Sai, di recente ci ho pensato a questa cosa, e sono arrivato a nuove conclusioni. Inizialmente mi chiedevo se questa idea di bene fosse innata o inculcata, i sentimenti che provo sono reali o sono solo "regole" che mi hanno ficcato in testa? Se è tutto finto perchè seguire delle regole inventate ad hoc?
Ma poi ci ho pensato, e mi son detto che forse mi faccio la domanda sbagliata.
TUTTO ciò che conosco l'ho imparato dall'esterno, dalla società, dai miei genitori. Noi siamo qui appunto per fare esperienza, forse qualcosa possiamo già averlo dentro inconsciamente ma quando viene fuori è solo perchè lo abbiamo visto o ce l'hanno insegnato.
Guardiamoci intorno e chiediamoci cos'altro ci insegna la società: consumismo sfrenato, religione, odio per il diverso (neri, stranieri, gay ecc.), corruzione, competizione sul lavoro, il bisogno di esser fighi avendo l'ultimo aggeggio apple o l'ultima moda addosso, ed odio per chi non è così anche se povero (=sfigato) ecc. ecc.
Forse la mia famiglia era diversa? Non tanto. E' una famiglia normale, ed infatti mia sorella è pari pari alla ragazza media. Non crede a nulla di ciò che ho detto io.
Tutti hanno una coscienza, si è vero, ma non credere... molti hanno imparato a soffocarla. Molti mettono ben altro al primo posto: soldi, lavoro, potere.
Da piccolo ti insegnano ad essere buono, da grande ti insegnano a diventare uno str*nzo.

La domanda giusta quindi è: perchè, fra le mille cose che la società mi ha insegnato, ho scelto di seguire solo questa? Perchè ho scelto. Perchè la mia coscienza ha scelto che questo era giusto. E se voglio, potrò sempre decidere di non seguirla, ma capirò che è sbagliato... ma questo NON perchè me l'ha detto la società, anzi quest'ultima attualmente mi spinge nella direzione opposta. Capirò che la via del bene è quella giusta, perchè fra i mille insegnamenti che la società ti ha dato, tu ne hai scelto uno che hai ritenuto giusto.

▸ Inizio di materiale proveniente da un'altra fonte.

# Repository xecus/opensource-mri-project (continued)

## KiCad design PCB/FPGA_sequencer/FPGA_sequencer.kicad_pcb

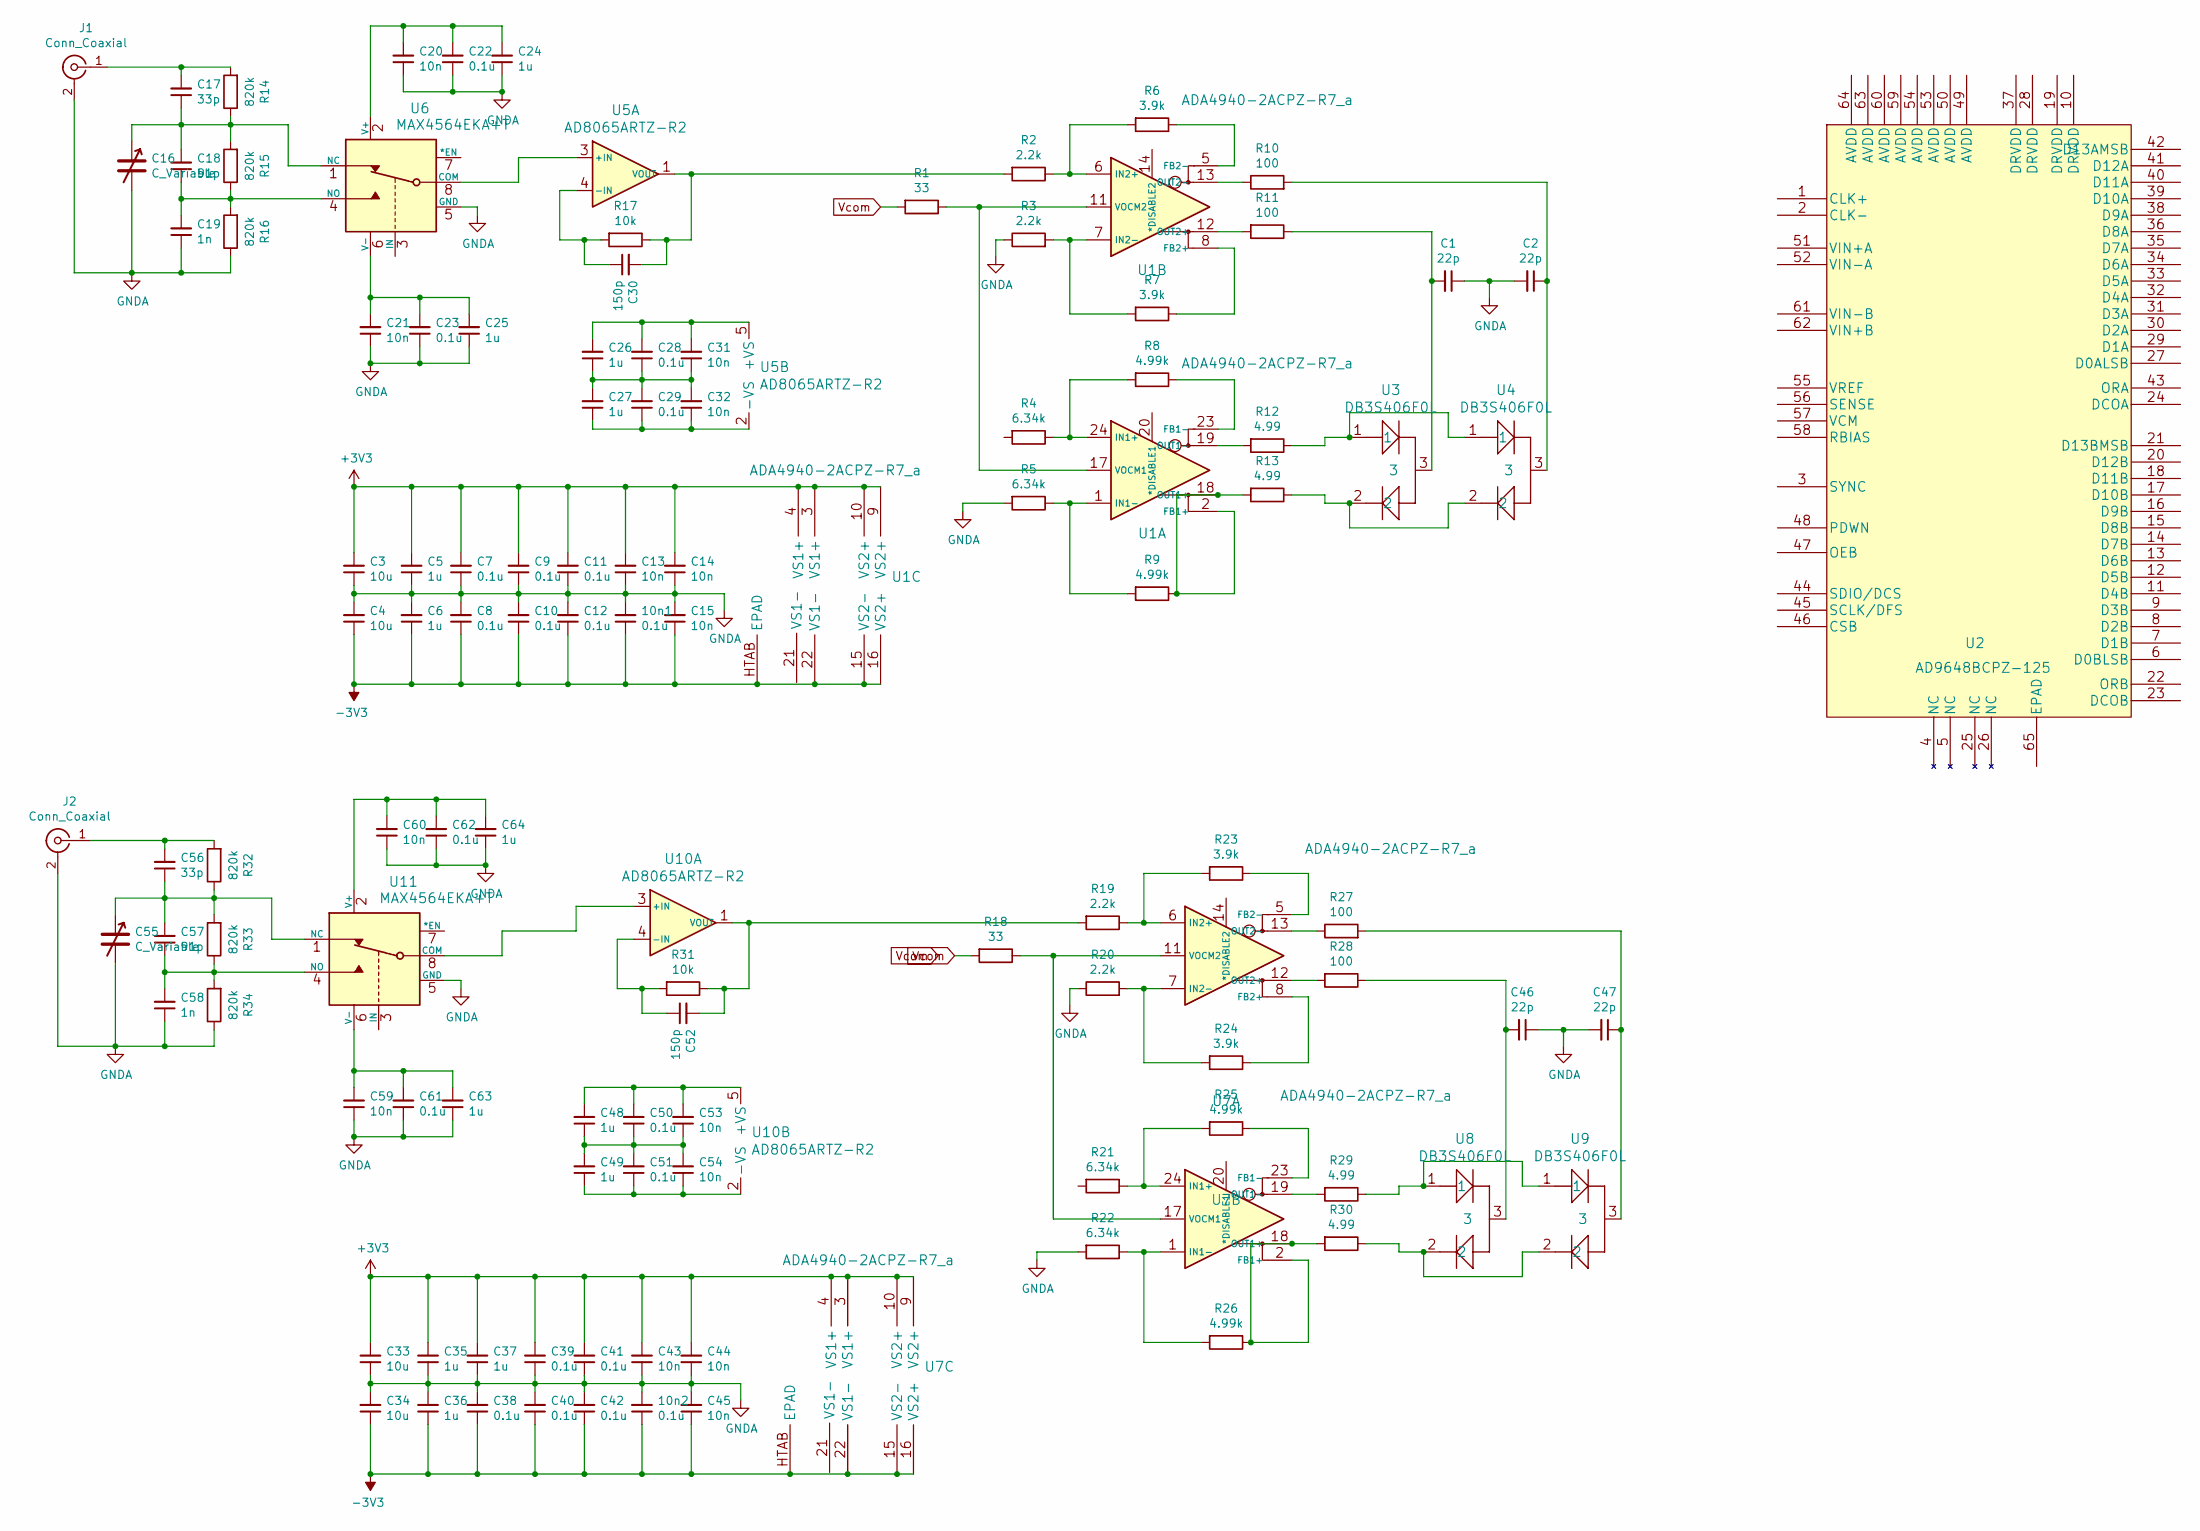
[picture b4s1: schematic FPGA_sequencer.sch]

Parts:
10n1, 10n2: 0.1u; C_0402_1005Metric
C1, C2, C46, C47: 22p; C_0402_1005Metric
C3, C4, C33, C34: 10u; C_0402_1005Metric
C5, C6, C24, C25, C26, C27, C35, C36, C37, C48, C49, C63, C64: 1u; C_0402_1005Metric
C7, C8, C9, C10, C11, C12, C22, C23, C28, C29, C38, C39, C40, C41, C42, C50, C51, C61, C62: 0.1u; C_0402_1005Metric
C13, C14, C15, C20, C21, C31, C32, C43, C44, C45, C53, C54, C59, C60: 10n; C_0402_1005Metric
C16, C55: C_Variable; C_Trimmer_Murata_TZB4-A
C17, C56: 33p; C_0402_1005Metric
C18, C57: 91p; C_0402_1005Metric
C19, C58: 1n; C_0402_1005Metric
C30, C52: 150p; C_0402_1005Metric
J1, J2: Conn_Coaxial; SMA_Amphenol_132134-11_Vertical
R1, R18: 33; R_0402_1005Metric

Tu mi dici che il mio comportarmi bene deriva da una mia necessità di non sentirmi in colpa, per cui alla fine è una forma di egoismo. Bene... ma chiediamoci, può capitare che il dolore necessario per fare una buona azione superi il dolore che sarebbe in grado di infliggermi la mia coscienza? E se ciò avviene, perchè qualcuno dovrebbe scegliere di sacrificarsi ugualmente? E' tanto difficile soffocare quella vocina interiore, che ti fa sentire in colpa quando vai contro i tuoi valori? Non è difficile... anche qui, basta scegliere. C'è chi l'ha fatto... diventa sempre più flebile, e prima o poi sparisce... sei senza coscienza, non sei più umano. Alcuni potenti ad esempio lo fanno, e non ti illudere... se la spassano beatamente, altrochè. Tutti soffrono si, ma c'è modo e modo, fidati che alcuni di loro fanno veramente una vita molto felice, non tutti certo, ma tantissimi. E' un illusione anche questa, vogliamo che anche gli altri soffrano come noi a prescindere dal denaro, ma non è così, o almeno non soffrono come noi. Ripeto l'eccezione c'è, è ovvio che non è solo una questione di denaro, ma coi soldi ed il potere hai già i presupposti per non avere problemi. Se te la giochi bene sei apposto.
Evidentemente quindi, non diamo peso soltanto al dolore... c'è dell'altro.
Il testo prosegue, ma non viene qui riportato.